HK: I can’t tell you how many Shabbats I do not find shul to be a meaningful spiritual experience. When you go to a bar mitzvah and half the congregation doesn’t know what’s going on and doesn’t care, it’s very hard to get that sense of tzibbur [community], and I think that’s one of the things we go to shul for. I think the purpose of the congregational service is to become part of a congregation. The need for personal prayer, a relationship to a personal God, I think that’s something you either do at home alone or you do in shul when you tune out from the liturgy.
NL: In your book you say that the line in the 23rd Psalm: “He leads me along straight paths” is actually an incorrect translation of the Hebrew. And that the proper meaning of the Hebrew is that God leads us along circuitous paths that turn out to be straight in the end. Are you saying that God leads along circuitous paths, and then that we’ll look back and we’ll realize that it all made sense?

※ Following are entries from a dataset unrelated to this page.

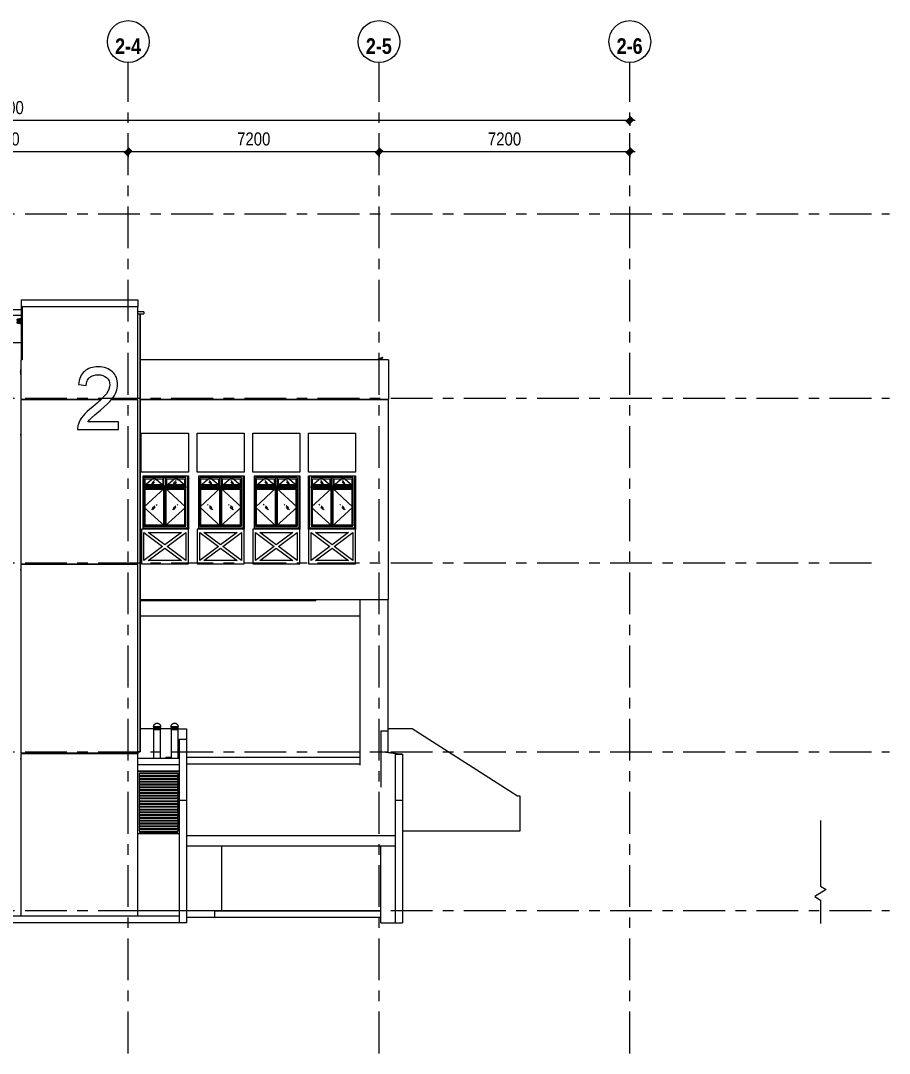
# Model space of a CAD drawing. Header units: millimetres. Extents: x -33493 to 146110, y 17338 to 47807.
# Drawn here: x 10931 to 35873, y 17966 to 47599 of the extents above; entities that cross this region are included whole.
import ezdxf

# ---------------------------------------------------------------- set-up
doc = ezdxf.new("R2010")
doc.units = ezdxf.units.MM
for name, pattern in [('Centre', [4762.5, 952.5, -714.375, 2381.25, -714.375]), ('Dash', [952.5, 476.25, -476.25]), ('Glass Symbol', [360, 90, -90, 90, -90]), ('IDA - Grid Line', [2100, 1200, -300, 300, -300])]:
    doc.linetypes.add(name, pattern=pattern)
for name, color, linetype, lineweight in [('A-_ANOT----_D', 7, 'Continuous', 9), ('A-_ANOT----_D-150', 7, 'Continuous', 9), ('A-_DETA----_ED', 7, 'Continuous', 9), ('A-_DETA----_ED-1', 7, 'Continuous', 18), ('S-_ANOTGRID_E', 7, 'Continuous', 9)]:
    doc.layers.add(name, color=color, linetype=linetype, lineweight=lineweight)
for name, color, linetype, lineweight, true_color in [('A-_CEIL----_E-1', 6, 'Continuous', 9, 0xff00ff), ('A-_FLOR----_E-1', 6, 'Continuous', 9, 0xff00ff), ('A-_FLORLEVL_E-1', 9, 'IDA - Grid Line', 9, 0x808080), ('A-_FURT----_E-1', 6, 'Continuous', 9, 0xff00ff), ('A-_GENM----_M-1', 6, 'Continuous', 9, 0xff00ff), ('A-_ROOF----_E-1', 6, 'Continuous', 9, 0xff00ff), ('A-_WALL----_E-1', 6, 'Continuous', 9, 0xff00ff), ('A-_WALLPRTN_E-1', 6, 'Continuous', 9, 0xff00ff), ('A-_WIND----_E-1', 6, 'Continuous', 9, 0xff00ff), ('A-_WIND----_E-2', 6, 'Dash', 9, 0xff00ff), ('A-_WIND----_E-3', 6, 'Centre', 9, 0xff00ff), ('A-_WIND----_E-4', 6, 'Glass Symbol', 9, 0xff00ff), ('C-_SITE----_E-1', 6, 'Continuous', 9, 0xff00ff), ('E-_FIREALAM_E-1', 6, 'Continuous', 9, 0xff00ff), ('M-_EQPT----_E-1', 6, 'Continuous', 9, 0xff00ff), ('S-_ANOTGRID_E-1', 9, 'IDA - Grid Line', 9, 0x808080), ('S-_COLN----_E-1', 6, 'Continuous', 9, 0xff00ff)]:
    doc.layers.add(name, color=color, linetype=linetype, lineweight=lineweight, true_color=true_color)
doc.styles.add('Arial Narrow_2', font='ARIALN.TTF', dxfattribs={"height": 375})
doc.styles.add('Arial Narrow_B', font='ARIALNB.TTF', dxfattribs={"height": 450})
doc.dimstyles.new('IDA_-_Arial_-_2_5mm_-_Black_-_Diagonal', dxfattribs={"dimscale": 304.8, "dimtxt": 383.786615, "dimasz": 0.492126, "dimexe": 0.492126, "dimexo": 0.738189, "dimgap": 0.246063, "dimtad": 1, "dimdec": 0, "dimzin": 0, "dimdsep": 46, "dimtxsty": 'Arial Narrow_2', "dimblk1": 'OBLIQUE', "dimblk2": 'OBLIQUE', "dimsah": 1, "dimcen": 0.09, "dimdle": 0.492126, "dimadec": 6, "dimazin": 0, "dimtfac": 1, "dimtdec": 4, "dimtix": 1, "dimtmove": 0, "dimatfit": 3, "dimfxl": 1, "dimtvp": 1, "dimtolj": 1, "dimtzin": 0, "dimarcsym": 2})

# ---------------------------------------------------------------- blocks, each defined once
blk = doc.blocks.new('IDA - Casement w Top Hung - 2 Panels - 1400L X 1500H - B2-AW02-3436901-DOOR _ WINDOW SCHEDULE - ELEVATION 3 Copy 1')
at = {"layer": 'A-_WIND----_E-1'}
for p, q in [((14471, 34240), (14471, 34490)), ((15046, 34490), (14471, 34490)), ((14471, 34490), (14471, 33090)), ((15671, 34490), (14471, 34490)), ((14506, 34275), (14506, 34455)), ((14506, 34455), (15011, 34455)), ((15011, 34455), (15011, 34275)), ((15046, 34240), (15046, 34490)), ((15046, 34490), (15096, 34490)), ((15046, 34240), (15046, 34490)), ((15096, 34240), (15096, 34490)), ((15671, 34490), (15096, 34490)), ((15096, 34490), (15096, 34240)), ((15131, 34275), (15131, 34455)), ((15131, 34455), (15636, 34455)), ((15636, 34455), (15636, 34275)), ((15671, 34240), (15671, 34490)), ((15671, 33090), (15671, 34490)), ((14471, 34240), (15046, 34240)), ((14471, 34190), (14471, 34240)), ((15671, 34240), (14471, 34240)), ((14471, 33090), (14471, 34190)), ((15071, 34190), (14471, 34190)), ((14471, 34190), (15671, 34190)), ((15011, 34275), (14506, 34275)), ((14506, 33125), (14506, 34155)), ((14506, 34155), (15036, 34155)), ((15036, 34155), (15036, 33125)), ((15046, 34240), (15096, 34240)), ((15071, 33090), (15071, 34190)), ((15671, 34190), (15071, 34190)), ((15071, 33090), (15071, 34190)), ((15096, 34240), (15671, 34240)), ((15106, 33125), (15106, 34155)), ((15106, 34155), (15636, 34155)), ((15636, 34275), (15131, 34275)), ((15636, 34155), (15636, 33125)), ((15671, 34240), (15671, 34190)), ((15671, 33090), (15671, 34190)), ((14471, 33090), (15071, 33090)), ((15671, 33090), (14471, 33090)), ((15036, 33125), (14506, 33125)), ((15071, 33090), (15671, 33090)), ((15636, 33125), (15106, 33125))]:
    blk.add_line(p, q, dxfattribs=at)
at = {"layer": 'A-_WIND----_E-2'}
blk.add_line((15746, 33015), (14446, 33015), dxfattribs=at)
at = {"layer": 'A-_WIND----_E-3'}
for p, q in [((14471, 34240), (14758, 34490)), ((15046, 34240), (14758, 34490)), ((15096, 34240), (15383, 34490)), ((15671, 34240), (15383, 34490)), ((15071, 34190), (14471, 33640)), ((15071, 34190), (15671, 33640)), ((14471, 33640), (15071, 33090)), ((15671, 33640), (15071, 33090))]:
    blk.add_line(p, q, dxfattribs=at)
at = {"layer": 'A-_WIND----_E-4'}
for p, q in [((14683, 34290), (14833, 34440)), ((14707, 34341), (14801, 34435)), ((14715, 34295), (14809, 34389)), ((15308, 34290), (15458, 34440)), ((15332, 34341), (15426, 34435)), ((15340, 34295), (15434, 34389)), ((14696, 33565), (14846, 33715)), ((14720, 33616), (14814, 33710)), ((14728, 33570), (14821, 33664)), ((15296, 33565), (15446, 33715)), ((15320, 33616), (15414, 33710)), ((15328, 33570), (15421, 33664))]:
    blk.add_line(p, q, dxfattribs=at)
blk = doc.blocks.new('IDA - Casement w Top Hung - 2 Panels - 1400L X 1500H - B2-AW02-3436902-DOOR _ WINDOW SCHEDULE - ELEVATION 3 Copy 1')
at = {"layer": 'A-_WIND----_E-1'}
for p, q in [((19271, 34490), (19271, 34240)), ((19846, 34490), (19271, 34490)), ((20471, 34490), (19271, 34490)), ((19271, 34490), (19271, 33090)), ((19306, 34275), (19306, 34455)), ((19306, 34455), (19811, 34455)), ((19811, 34455), (19811, 34275)), ((19846, 34490), (19846, 34240)), ((19846, 34240), (19846, 34490)), ((19846, 34490), (19896, 34490)), ((19896, 34490), (19896, 34240)), ((20471, 34490), (19896, 34490)), ((19896, 34490), (19896, 34240)), ((19931, 34275), (19931, 34455)), ((19931, 34455), (20436, 34455)), ((20436, 34455), (20436, 34275)), ((20471, 34490), (20471, 34240)), ((20471, 33090), (20471, 34490)), ((19271, 34240), (19846, 34240)), ((19271, 34190), (19271, 34240)), ((20471, 34240), (19271, 34240)), ((19271, 34190), (19271, 33090)), ((19871, 34190), (19271, 34190)), ((19271, 34190), (20471, 34190)), ((19811, 34275), (19306, 34275)), ((19306, 33125), (19306, 34155)), ((19306, 34155), (19836, 34155)), ((19836, 34155), (19836, 33125)), ((19846, 34240), (19896, 34240)), ((19871, 34190), (19871, 33090)), ((19871, 34190), (19871, 33090)), ((20471, 34190), (19871, 34190)), ((19896, 34240), (20471, 34240)), ((19906, 33125), (19906, 34155)), ((19906, 34155), (20436, 34155)), ((20436, 34275), (19931, 34275)), ((20436, 34155), (20436, 33125)), ((20471, 34240), (20471, 34190)), ((20471, 34190), (20471, 33090)), ((19271, 33090), (19871, 33090)), ((20471, 33090), (19271, 33090)), ((19836, 33125), (19306, 33125)), ((19871, 33090), (20471, 33090)), ((20436, 33125), (19906, 33125))]:
    blk.add_line(p, q, dxfattribs=at)
at = {"layer": 'A-_WIND----_E-2'}
blk.add_line((19196, 33015), (20546, 33015), dxfattribs=at)
at = {"layer": 'A-_WIND----_E-3'}
for p, q in [((19271, 34240), (19558, 34490)), ((19846, 34240), (19558, 34490)), ((19896, 34240), (20183, 34490)), ((20471, 34240), (20183, 34490)), ((19871, 34190), (19271, 33640)), ((19871, 34190), (20471, 33640)), ((19271, 33640), (19871, 33090)), ((20471, 33640), (19871, 33090))]:
    blk.add_line(p, q, dxfattribs=at)
at = {"layer": 'A-_WIND----_E-4'}
for p, q in [((19633, 34290), (19483, 34440)), ((19601, 34295), (19507, 34389)), ((19609, 34341), (19515, 34435)), ((20258, 34290), (20108, 34440)), ((20226, 34295), (20132, 34389)), ((20234, 34341), (20140, 34435)), ((19646, 33565), (19496, 33715)), ((19614, 33570), (19520, 33664)), ((19621, 33616), (19528, 33710)), ((20246, 33565), (20096, 33715)), ((20214, 33570), (20120, 33664)), ((20221, 33616), (20128, 33710))]:
    blk.add_line(p, q, dxfattribs=at)
blk = doc.blocks.new('IDA - Casement w Top Hung - 2 Panels - 1400L X 1500H - B2-AW02-V1-DOOR _ WINDOW SCHEDULE - ELEVATION 3 Copy 1')
at = {"layer": 'A-_WIND----_E-1'}
for p, q in [((17671, 34490), (17671, 34240)), ((18246, 34490), (17671, 34490)), ((18871, 34490), (17671, 34490)), ((17671, 34490), (17671, 33090)), ((17706, 34275), (17706, 34455)), ((17706, 34455), (18211, 34455)), ((18211, 34455), (18211, 34275)), ((18246, 34490), (18246, 34240)), ((18246, 34240), (18246, 34490)), ((18246, 34490), (18296, 34490)), ((18296, 34490), (18296, 34240)), ((18871, 34490), (18296, 34490)), ((18296, 34490), (18296, 34240)), ((18331, 34275), (18331, 34455)), ((18331, 34455), (18836, 34455)), ((18836, 34455), (18836, 34275)), ((18871, 34490), (18871, 34240)), ((18871, 33090), (18871, 34490)), ((17671, 34240), (18246, 34240)), ((17671, 34190), (17671, 34240)), ((18871, 34240), (17671, 34240)), ((17671, 34190), (17671, 33090)), ((18271, 34190), (17671, 34190)), ((17671, 34190), (18871, 34190)), ((18211, 34275), (17706, 34275)), ((17706, 33125), (17706, 34155)), ((17706, 34155), (18236, 34155)), ((18236, 34155), (18236, 33125)), ((18246, 34240), (18296, 34240)), ((18271, 34190), (18271, 33090)), ((18271, 34190), (18271, 33090)), ((18871, 34190), (18271, 34190)), ((18296, 34240), (18871, 34240)), ((18306, 33125), (18306, 34155)), ((18306, 34155), (18836, 34155)), ((18836, 34275), (18331, 34275)), ((18836, 34155), (18836, 33125)), ((18871, 34240), (18871, 34190)), ((18871, 34190), (18871, 33090)), ((17671, 33090), (18271, 33090)), ((18871, 33090), (17671, 33090)), ((18236, 33125), (17706, 33125)), ((18271, 33090), (18871, 33090)), ((18836, 33125), (18306, 33125))]:
    blk.add_line(p, q, dxfattribs=at)
at = {"layer": 'A-_WIND----_E-2'}
blk.add_line((17646, 33015), (18946, 33015), dxfattribs=at)
at = {"layer": 'A-_WIND----_E-3'}
for p, q in [((17671, 34240), (17958, 34490)), ((18246, 34240), (17958, 34490)), ((18296, 34240), (18583, 34490)), ((18871, 34240), (18583, 34490)), ((18271, 34190), (17671, 33640)), ((18271, 34190), (18871, 33640)), ((17671, 33640), (18271, 33090)), ((18871, 33640), (18271, 33090))]:
    blk.add_line(p, q, dxfattribs=at)
at = {"layer": 'A-_WIND----_E-4'}
for p, q in [((18033, 34290), (17883, 34440)), ((18001, 34295), (17907, 34389)), ((18009, 34341), (17915, 34435)), ((18658, 34290), (18508, 34440)), ((18626, 34295), (18532, 34389)), ((18634, 34341), (18540, 34435)), ((18046, 33565), (17896, 33715)), ((18014, 33570), (17920, 33664)), ((18021, 33616), (17928, 33710)), ((18646, 33565), (18496, 33715)), ((18614, 33570), (18520, 33664)), ((18621, 33616), (18528, 33710))]:
    blk.add_line(p, q, dxfattribs=at)
blk = doc.blocks.new('IDA- Fire Extinguisher - 3kg AB-3508502-DOOR _ WINDOW SCHEDULE - ELEVATION 3 Copy 1')
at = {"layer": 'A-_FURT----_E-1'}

HK: I’m saying two things. One, it’s possible the psalmist believes that’s what God does. Secondly, I think God’s role is that when our life become tortuous, which of course means twisted, God will sometimes intervene to show us the way through. For example, a woman is dumped by her husband for a younger woman, and she feels terribly rejected. I cannot believe that God puppeteered this to teach her a lesson or to cause her to grow spiritually, or to make sure she ends up with the right guy. I think it happened because her husband was selfish and inconsiderate. God’s role, I think, is to give her the strength of character not to let that event define her as an unlovable, rejected woman, but to make her the kind of person who will be able to love again and ultimately to find someone to share her life with. God is not stage managing the whole problem the way a scriptwriter does.
NL: You don’t read divine intention into the path that our lives take?
HK: No, I don’t. Because, you see, that would force me to say that God wanted my son to die a horrible death so that I would write a book.
NL: This book is also a book of comfort, with, it seems, something important to say as we enter Rosh Hashanah and Yom Kippur.
HK: I think there are two messages. One is, with every scary thing that’s going on in the world the message of the psalm is don’t be afraid. Not because this will be a year of good news. Don’t be afraid because whatever happens you’ll be able to handle it. Did you know the mitzvah most commonly repeated in the Torah is, “Don’t be afraid?” I think that’s what the psalm comes to tell us. Secondly, when at the High Holidays, at Yizkor time or at any other time, even though the shul is so crowded, we are painfully aware of the empty seats, the people who once shared the holidays with us [who] are no longer there. I think God’s message is that there’s a sense in which they are still there. Death can take them out of our future, but not out of our past.
What God calls on us to do if we’re still grieving for them is to find our way through the valley of the shadow back into the sunlight again. And I think the question is: “What can God do to help me in an uncertain and scary world?” The answer I find is God can’t guarantee happy endings. God guarantees that He’ll be there to help you.